** Opening Supplied data block **

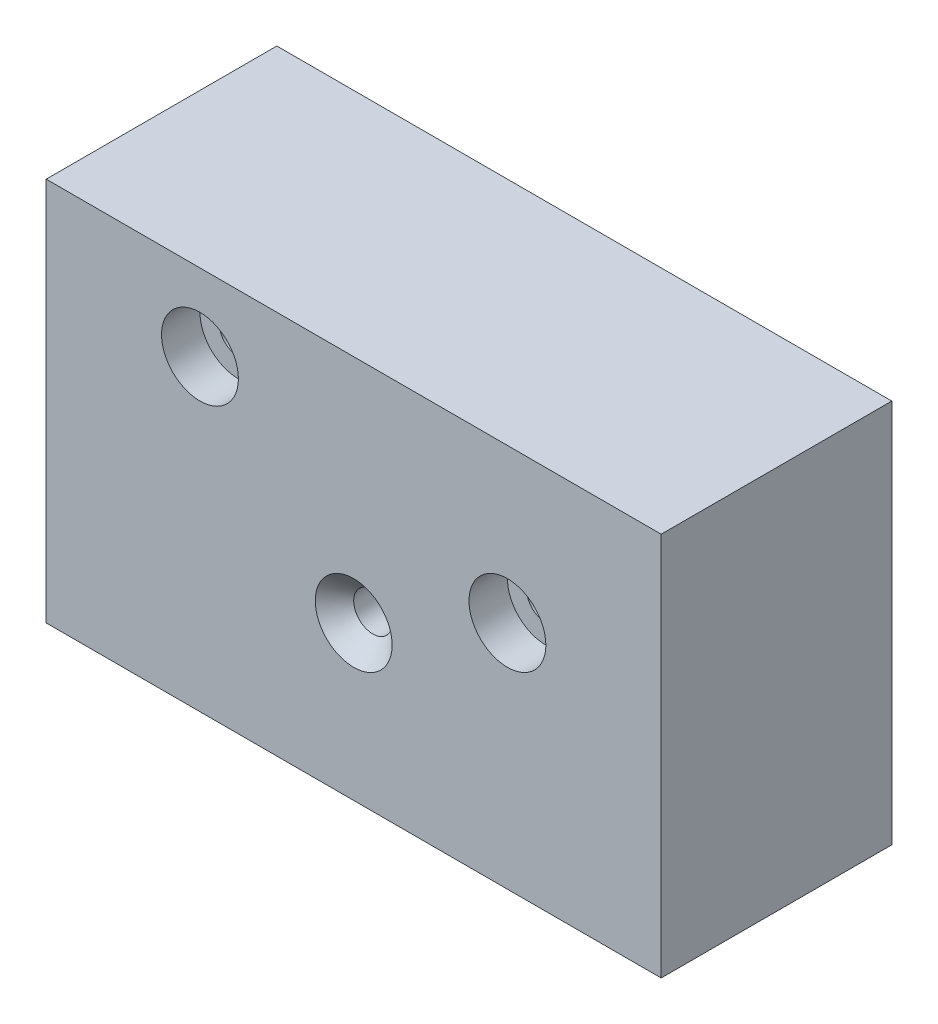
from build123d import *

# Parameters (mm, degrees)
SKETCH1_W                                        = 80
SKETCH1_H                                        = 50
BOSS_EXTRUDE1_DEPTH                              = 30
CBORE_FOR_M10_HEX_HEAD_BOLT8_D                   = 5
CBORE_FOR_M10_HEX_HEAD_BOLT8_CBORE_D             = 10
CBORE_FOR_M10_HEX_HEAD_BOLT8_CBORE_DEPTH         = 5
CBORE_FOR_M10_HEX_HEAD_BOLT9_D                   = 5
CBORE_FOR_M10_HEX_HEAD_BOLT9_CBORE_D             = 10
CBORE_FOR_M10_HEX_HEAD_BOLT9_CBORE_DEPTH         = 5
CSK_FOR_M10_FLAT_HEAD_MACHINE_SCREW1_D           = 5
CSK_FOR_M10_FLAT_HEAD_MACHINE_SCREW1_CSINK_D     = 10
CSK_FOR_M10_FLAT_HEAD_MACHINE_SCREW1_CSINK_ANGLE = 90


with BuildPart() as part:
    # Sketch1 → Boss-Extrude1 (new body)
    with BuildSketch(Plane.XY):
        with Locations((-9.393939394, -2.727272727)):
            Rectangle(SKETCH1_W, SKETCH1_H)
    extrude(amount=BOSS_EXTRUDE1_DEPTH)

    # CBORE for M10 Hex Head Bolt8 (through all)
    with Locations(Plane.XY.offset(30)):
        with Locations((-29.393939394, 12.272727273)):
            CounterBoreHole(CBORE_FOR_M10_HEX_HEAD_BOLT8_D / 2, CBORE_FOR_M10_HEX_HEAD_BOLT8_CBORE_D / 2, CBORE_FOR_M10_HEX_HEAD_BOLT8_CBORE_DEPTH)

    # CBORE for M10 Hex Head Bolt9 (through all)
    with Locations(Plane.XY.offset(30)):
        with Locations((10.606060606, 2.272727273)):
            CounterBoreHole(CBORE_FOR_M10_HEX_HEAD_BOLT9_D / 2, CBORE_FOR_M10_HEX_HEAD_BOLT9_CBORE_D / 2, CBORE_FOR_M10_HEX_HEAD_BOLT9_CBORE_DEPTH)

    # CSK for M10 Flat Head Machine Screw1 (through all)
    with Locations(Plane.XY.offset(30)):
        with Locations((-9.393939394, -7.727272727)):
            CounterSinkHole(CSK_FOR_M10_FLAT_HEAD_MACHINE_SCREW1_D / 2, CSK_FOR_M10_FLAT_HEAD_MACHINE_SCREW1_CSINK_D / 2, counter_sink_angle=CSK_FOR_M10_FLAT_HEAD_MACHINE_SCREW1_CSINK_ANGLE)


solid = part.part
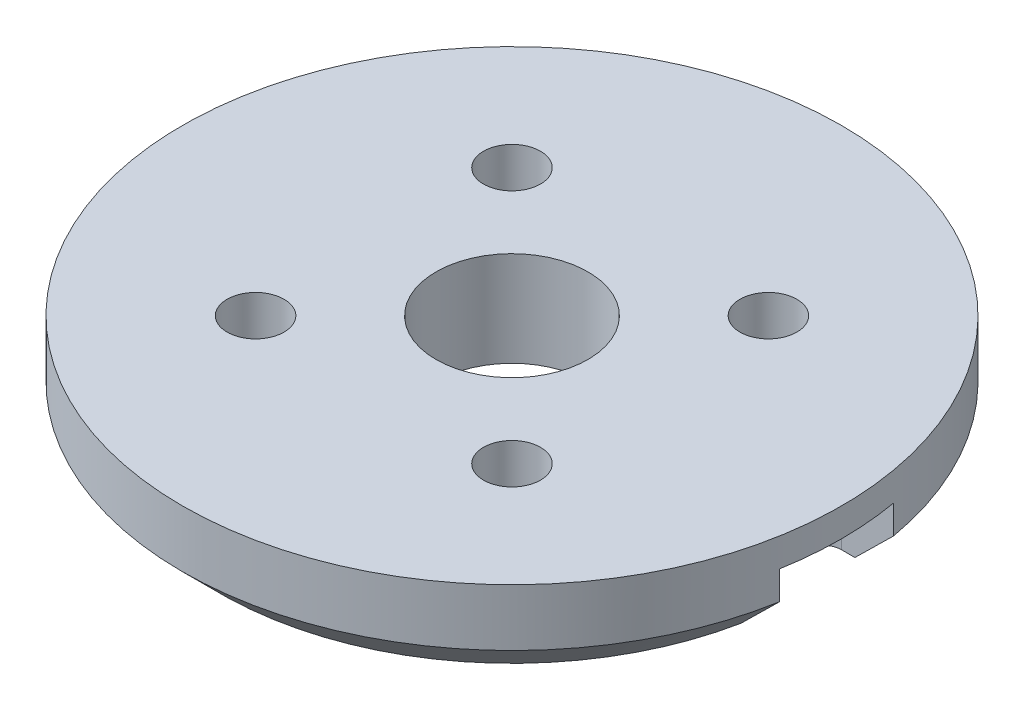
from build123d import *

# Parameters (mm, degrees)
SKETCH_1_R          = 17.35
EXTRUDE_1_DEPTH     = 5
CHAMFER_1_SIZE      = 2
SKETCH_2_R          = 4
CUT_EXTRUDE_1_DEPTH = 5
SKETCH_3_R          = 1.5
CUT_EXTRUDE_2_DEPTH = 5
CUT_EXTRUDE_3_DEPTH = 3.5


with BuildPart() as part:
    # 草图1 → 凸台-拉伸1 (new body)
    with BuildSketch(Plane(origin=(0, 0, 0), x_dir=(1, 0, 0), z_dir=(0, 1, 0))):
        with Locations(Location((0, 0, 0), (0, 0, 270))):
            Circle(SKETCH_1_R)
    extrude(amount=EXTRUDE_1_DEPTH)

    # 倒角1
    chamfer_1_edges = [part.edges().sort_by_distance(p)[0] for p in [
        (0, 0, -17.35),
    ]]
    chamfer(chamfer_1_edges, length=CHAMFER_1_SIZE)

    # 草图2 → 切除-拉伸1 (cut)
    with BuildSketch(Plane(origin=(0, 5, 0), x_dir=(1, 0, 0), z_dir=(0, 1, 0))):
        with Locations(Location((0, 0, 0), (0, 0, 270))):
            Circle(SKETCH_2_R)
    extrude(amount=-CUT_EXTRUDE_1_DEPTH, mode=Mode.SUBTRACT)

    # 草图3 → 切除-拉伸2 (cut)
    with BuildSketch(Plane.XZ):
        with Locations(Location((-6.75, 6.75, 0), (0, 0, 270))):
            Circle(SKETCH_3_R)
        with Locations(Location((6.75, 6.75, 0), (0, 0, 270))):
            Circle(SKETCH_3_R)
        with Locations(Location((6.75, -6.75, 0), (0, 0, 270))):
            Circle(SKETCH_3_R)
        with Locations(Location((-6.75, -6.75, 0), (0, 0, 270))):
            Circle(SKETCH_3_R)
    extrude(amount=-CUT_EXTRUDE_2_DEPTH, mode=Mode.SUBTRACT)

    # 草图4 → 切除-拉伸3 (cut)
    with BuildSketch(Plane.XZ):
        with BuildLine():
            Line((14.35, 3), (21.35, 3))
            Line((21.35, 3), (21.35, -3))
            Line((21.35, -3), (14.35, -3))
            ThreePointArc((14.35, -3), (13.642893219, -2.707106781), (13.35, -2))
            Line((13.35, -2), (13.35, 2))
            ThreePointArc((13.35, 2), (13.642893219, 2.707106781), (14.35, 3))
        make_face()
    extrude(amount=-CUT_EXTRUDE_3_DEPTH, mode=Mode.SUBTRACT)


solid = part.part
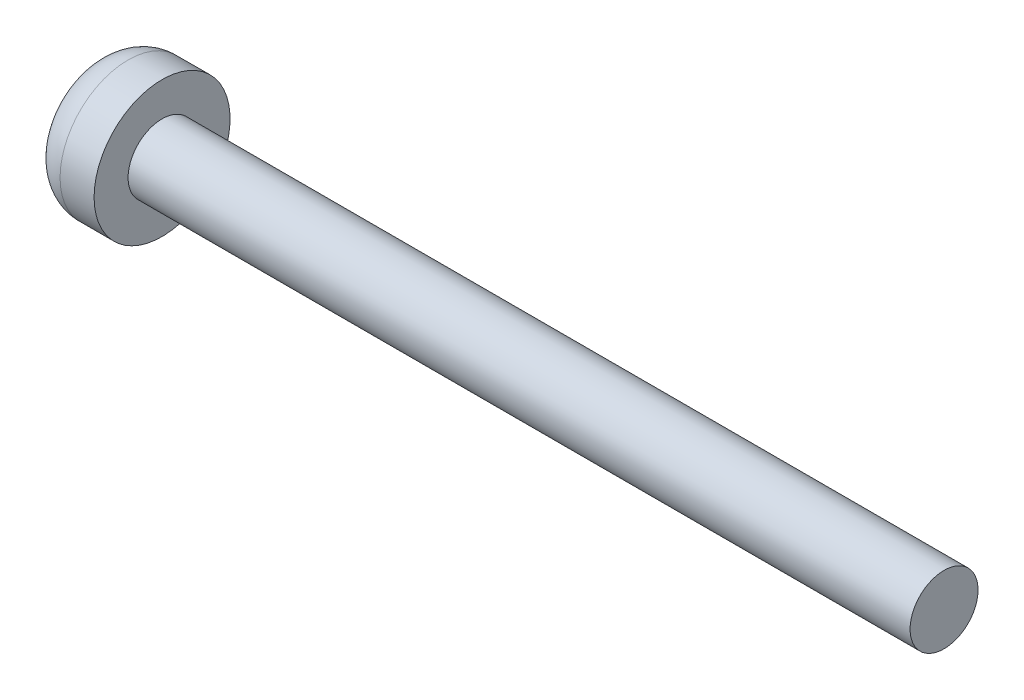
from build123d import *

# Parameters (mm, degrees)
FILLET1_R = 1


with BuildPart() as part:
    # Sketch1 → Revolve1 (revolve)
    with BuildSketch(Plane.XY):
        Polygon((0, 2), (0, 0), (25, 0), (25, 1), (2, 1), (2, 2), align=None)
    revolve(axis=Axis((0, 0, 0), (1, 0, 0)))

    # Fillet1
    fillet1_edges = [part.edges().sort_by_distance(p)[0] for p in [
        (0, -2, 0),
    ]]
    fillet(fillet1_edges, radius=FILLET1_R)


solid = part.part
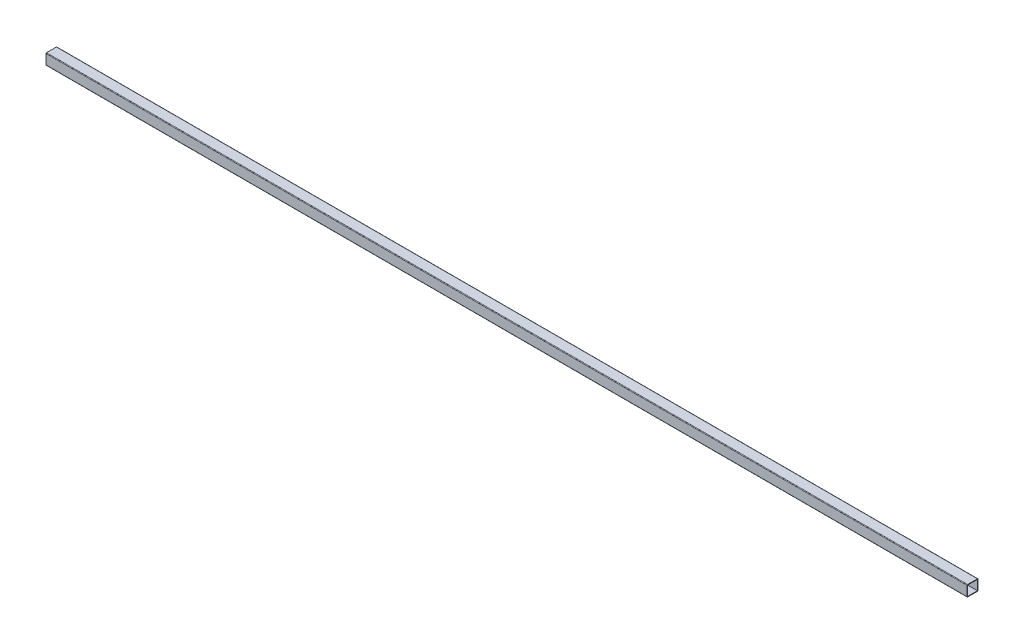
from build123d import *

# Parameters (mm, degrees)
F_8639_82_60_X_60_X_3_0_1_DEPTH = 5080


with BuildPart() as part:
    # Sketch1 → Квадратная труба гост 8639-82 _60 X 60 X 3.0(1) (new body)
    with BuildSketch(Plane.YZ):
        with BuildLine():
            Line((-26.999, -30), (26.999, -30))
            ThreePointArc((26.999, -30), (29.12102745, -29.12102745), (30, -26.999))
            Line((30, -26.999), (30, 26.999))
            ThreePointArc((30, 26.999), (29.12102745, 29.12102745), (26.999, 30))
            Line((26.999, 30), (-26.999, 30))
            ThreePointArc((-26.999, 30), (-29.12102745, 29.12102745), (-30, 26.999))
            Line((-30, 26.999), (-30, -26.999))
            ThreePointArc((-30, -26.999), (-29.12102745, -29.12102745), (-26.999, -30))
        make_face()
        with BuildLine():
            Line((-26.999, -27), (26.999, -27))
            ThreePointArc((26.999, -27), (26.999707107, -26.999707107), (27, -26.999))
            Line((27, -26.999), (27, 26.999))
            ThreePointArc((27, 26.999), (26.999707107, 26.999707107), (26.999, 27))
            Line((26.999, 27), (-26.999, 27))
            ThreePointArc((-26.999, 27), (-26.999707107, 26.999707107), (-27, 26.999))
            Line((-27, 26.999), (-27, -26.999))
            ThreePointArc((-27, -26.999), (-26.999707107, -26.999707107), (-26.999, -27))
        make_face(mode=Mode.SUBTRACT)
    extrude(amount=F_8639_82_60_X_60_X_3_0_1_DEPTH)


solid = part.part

** Closing Supplied data block **

Work required: Look through the data above and return exactly the lines from the one that contains "CSK_FOR_M10_FLAT_HEAD_MACHINE_SCREW1_CSINK_ANGLE = 90" to the one that contains "extrude(amount=BOSS_EXTRUDE1_DEPTH)", inclusive, with nothing else.

Expected answer:
CSK_FOR_M10_FLAT_HEAD_MACHINE_SCREW1_CSINK_ANGLE = 90


with BuildPart() as part:
    # Sketch1 → Boss-Extrude1 (new body)
    with BuildSketch(Plane.XY):
        with Locations((-9.393939394, -2.727272727)):
            Rectangle(SKETCH1_W, SKETCH1_H)
    extrude(amount=BOSS_EXTRUDE1_DEPTH)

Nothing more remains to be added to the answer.